Case Name: Svetlana KISIYAN, Petitioner, v. Alberto R. GONZALES, Attorney General, Respondent
Court: United States Court of Appeals for the Ninth Circuit
Jurisdiction: United States
Decision Date: 2007-06-05
Citations: 236 F. App'x 292
Docket Number: No. 04-71555
Parties: Svetlana KISIYAN, Petitioner, v. Alberto R. GONZALES, Attorney General, Respondent.
Judges: Before: REINHARDT, FISHER and CLIFTON, Circuit Judges.
Reporter: West's Federal Appendix
Volume: 236
Pages: 292–294

Head Matter:
Svetlana KISIYAN, Petitioner, v. Alberto R. GONZALES, Attorney General, Respondent.
No. 04-71555.
United States Court of Appeals, Ninth Circuit.
Argued and Submitted May 14, 2007.
Filed June 5, 2007.
Inna Lipkin, Esq., Law Offices of Inna Lipkin, Redwood City, CA, for Petitioner.
Regional Counsel, Western Region Immigration & Naturalization Service, Laguna Niguel, CA, Ronald E. LeFevre, Chief Legal Officer, Office of the District Counsel, Department of Homeland Security, San Francisco, CA, DOJ — U.S. Department of Justice, Civil Div./Office of Immigration Lit., Washington, DC, for Respondent.

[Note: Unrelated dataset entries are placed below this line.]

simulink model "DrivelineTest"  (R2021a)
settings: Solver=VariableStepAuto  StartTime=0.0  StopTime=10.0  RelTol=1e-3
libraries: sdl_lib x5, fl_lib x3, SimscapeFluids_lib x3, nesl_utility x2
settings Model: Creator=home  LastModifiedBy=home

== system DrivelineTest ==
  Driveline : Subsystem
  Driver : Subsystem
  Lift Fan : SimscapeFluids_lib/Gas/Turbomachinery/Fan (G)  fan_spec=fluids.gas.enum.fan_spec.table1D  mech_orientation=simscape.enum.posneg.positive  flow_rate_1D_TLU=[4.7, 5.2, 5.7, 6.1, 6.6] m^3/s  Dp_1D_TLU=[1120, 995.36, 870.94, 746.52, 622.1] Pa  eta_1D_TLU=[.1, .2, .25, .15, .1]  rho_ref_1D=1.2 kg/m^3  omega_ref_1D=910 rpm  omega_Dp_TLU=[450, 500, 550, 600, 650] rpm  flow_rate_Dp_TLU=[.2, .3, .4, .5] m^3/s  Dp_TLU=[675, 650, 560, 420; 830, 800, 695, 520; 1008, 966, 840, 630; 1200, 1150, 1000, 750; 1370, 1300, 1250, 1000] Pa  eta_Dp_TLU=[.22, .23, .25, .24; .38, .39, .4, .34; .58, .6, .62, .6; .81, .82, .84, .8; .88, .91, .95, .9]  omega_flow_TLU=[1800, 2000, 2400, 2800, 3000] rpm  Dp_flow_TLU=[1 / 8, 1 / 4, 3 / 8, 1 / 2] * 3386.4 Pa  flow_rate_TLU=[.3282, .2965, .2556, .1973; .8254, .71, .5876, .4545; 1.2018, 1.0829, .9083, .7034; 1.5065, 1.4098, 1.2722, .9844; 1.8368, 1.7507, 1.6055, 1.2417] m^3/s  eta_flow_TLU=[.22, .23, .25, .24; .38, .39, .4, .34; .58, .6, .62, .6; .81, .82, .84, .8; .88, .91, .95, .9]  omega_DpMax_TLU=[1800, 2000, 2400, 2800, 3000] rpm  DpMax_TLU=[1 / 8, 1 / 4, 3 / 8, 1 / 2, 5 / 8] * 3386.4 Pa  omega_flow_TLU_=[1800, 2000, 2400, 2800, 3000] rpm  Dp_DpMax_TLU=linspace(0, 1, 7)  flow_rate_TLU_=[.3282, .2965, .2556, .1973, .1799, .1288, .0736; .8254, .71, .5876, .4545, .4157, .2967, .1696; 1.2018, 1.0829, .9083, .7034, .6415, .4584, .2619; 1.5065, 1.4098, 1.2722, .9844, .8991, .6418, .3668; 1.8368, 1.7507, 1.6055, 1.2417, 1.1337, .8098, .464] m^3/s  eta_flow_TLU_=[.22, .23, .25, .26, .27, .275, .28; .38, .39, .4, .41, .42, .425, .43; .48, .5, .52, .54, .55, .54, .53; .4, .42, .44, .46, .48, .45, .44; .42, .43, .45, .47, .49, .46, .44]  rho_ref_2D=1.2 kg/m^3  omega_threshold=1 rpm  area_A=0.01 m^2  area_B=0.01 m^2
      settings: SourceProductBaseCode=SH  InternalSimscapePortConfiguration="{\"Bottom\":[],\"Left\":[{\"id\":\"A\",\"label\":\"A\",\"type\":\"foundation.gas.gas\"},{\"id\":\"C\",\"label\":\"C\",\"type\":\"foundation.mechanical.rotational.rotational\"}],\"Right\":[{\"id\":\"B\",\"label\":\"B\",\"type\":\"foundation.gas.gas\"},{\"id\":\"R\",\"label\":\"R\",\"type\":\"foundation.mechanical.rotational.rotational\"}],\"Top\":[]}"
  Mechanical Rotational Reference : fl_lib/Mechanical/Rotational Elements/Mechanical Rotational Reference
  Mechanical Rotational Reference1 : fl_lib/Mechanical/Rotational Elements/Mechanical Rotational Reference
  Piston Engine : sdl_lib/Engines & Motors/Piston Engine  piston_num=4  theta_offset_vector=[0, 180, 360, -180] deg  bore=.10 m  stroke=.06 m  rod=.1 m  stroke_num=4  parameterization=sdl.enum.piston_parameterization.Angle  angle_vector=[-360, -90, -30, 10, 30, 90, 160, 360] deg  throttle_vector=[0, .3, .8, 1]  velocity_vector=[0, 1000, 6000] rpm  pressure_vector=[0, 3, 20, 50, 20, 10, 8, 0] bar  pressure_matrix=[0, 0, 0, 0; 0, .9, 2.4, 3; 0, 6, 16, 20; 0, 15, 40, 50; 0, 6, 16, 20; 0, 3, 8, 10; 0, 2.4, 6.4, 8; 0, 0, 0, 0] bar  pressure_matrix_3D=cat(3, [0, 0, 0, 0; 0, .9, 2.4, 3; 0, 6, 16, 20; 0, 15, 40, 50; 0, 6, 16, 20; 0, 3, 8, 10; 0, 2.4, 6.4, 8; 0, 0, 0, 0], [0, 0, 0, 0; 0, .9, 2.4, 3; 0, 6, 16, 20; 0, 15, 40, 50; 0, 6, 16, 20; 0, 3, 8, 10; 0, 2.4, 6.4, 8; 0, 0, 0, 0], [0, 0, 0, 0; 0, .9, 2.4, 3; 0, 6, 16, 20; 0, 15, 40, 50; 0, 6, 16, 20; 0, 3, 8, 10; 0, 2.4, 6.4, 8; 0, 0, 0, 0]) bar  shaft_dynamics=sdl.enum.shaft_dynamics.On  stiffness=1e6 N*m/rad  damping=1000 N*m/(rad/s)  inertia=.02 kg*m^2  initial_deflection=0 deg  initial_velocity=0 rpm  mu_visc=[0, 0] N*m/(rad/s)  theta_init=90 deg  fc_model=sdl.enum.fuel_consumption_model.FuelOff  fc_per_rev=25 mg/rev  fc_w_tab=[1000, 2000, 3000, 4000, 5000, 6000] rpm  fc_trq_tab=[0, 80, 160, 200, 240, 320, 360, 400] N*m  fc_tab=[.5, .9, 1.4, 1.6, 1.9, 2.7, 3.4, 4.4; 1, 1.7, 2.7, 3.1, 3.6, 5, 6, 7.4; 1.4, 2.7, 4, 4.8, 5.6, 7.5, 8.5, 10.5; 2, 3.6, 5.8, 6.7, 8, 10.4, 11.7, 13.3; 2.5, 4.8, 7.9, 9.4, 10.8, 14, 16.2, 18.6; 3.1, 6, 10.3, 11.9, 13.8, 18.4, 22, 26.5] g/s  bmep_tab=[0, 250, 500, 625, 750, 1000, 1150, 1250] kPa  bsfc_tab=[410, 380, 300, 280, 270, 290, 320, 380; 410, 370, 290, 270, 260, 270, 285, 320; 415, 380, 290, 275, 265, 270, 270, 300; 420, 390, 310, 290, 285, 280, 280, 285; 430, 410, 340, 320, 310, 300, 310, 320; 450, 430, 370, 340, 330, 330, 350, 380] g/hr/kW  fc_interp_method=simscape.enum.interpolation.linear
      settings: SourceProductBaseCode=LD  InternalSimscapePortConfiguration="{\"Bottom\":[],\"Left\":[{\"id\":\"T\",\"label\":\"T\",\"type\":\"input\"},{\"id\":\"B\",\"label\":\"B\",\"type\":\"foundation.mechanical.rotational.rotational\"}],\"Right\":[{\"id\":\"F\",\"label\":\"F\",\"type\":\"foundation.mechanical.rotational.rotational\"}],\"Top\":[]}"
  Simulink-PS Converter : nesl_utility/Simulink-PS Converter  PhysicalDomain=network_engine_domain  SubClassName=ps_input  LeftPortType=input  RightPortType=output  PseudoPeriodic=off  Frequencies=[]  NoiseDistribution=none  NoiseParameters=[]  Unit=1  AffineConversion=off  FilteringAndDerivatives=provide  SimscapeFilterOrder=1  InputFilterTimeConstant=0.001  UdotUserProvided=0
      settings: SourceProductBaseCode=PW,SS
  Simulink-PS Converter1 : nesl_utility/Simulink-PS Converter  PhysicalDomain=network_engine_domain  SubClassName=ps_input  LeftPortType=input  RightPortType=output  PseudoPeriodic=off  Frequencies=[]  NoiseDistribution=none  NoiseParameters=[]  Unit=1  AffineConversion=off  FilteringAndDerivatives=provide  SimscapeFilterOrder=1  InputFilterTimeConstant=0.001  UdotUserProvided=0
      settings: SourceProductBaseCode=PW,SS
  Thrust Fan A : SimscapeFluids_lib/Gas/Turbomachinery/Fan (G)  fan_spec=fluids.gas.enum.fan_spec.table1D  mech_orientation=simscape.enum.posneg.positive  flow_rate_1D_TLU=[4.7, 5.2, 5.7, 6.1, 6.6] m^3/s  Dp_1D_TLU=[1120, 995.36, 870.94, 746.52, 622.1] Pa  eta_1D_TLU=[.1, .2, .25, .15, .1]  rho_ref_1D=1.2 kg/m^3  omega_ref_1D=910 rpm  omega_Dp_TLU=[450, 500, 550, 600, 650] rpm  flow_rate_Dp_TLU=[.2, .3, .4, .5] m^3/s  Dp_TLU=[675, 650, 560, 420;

Before: REINHARDT, FISHER and CLIFTON, Circuit Judges.

Opinion:
MEMORANDUM
We reverse the denial of asylum, withholding of removal and protection under the Convention Against Torture (CAT) to Svetlana Kisiyan. Both grounds the immigration judge (IJ) articulated to support her adverse credibility determination were based on speculation and conjecture. See Jibril v. Gonzales, 423 F.3d 1129, 1135 (9th Cir.2005); Lopez-Umanzor v. Gonzales, 405 F.3d 1049, 1054 n. 4 (9th Cir.2005). We therefore reverse the IJ's adverse credibility determination.
The IJ and BIA both erroneously stated that there was no evidence connecting the sexual assaults on Kisiyan by a captain in Armenia's National Security Service with Kisiyan's husband's ethnicity or religion. Kisiyan's testimony supports the conclusion that she was sexually assaulted both because her attacker "thought she was attractive" and because of her husband's religion and ethnicity, which suffices as "evidence from which it is reasonable to believe that the harm was motivated, at least in part, by an actual or implied protected ground." Shoafera v. INS, 228 F.3d 1070, 1074-75 (9th Cir.2000) (quoting Borja v. INS, 175 F.3d 732, 736 (9th Cir. 1999) (en banc)) (emphasis in original). Because the IJ's incorrect characterization of the evidence precluded consideration of Kisiyan's asylum and withholding of removal claims under a mixed motive analysis in the first instance, we remand for further proceedings. See Azanor v. Ashcroft, 364 F.3d 1013, 1021 (9th Cir.2004) ("[W]e must decide whether to grant or deny the petition for review based on the Board's reasoning rather than our independent analysis of the record.").
Finally, the IJ's decision leaves it unclear whether she would have denied Kisiyan's CAT claim even if she had found Kisiyan credible and whether she improperly required Kisiyan to show persecution on a protected ground in the CAT context. See Kamalthas v. INS, 251 F.3d 1279, 1282-83 (9th Cir.2001); Farah v. Ashcroft, 348 F.3d 1153, 1156-57 (9th Cir.2003). We therefore also remand for further consideration of Kisiyan's CAT claims.
REVERSED and REMANDED.
This disposition is not appropriate for publication and is not precedent except as provided by 9th Cir. R. 36-3.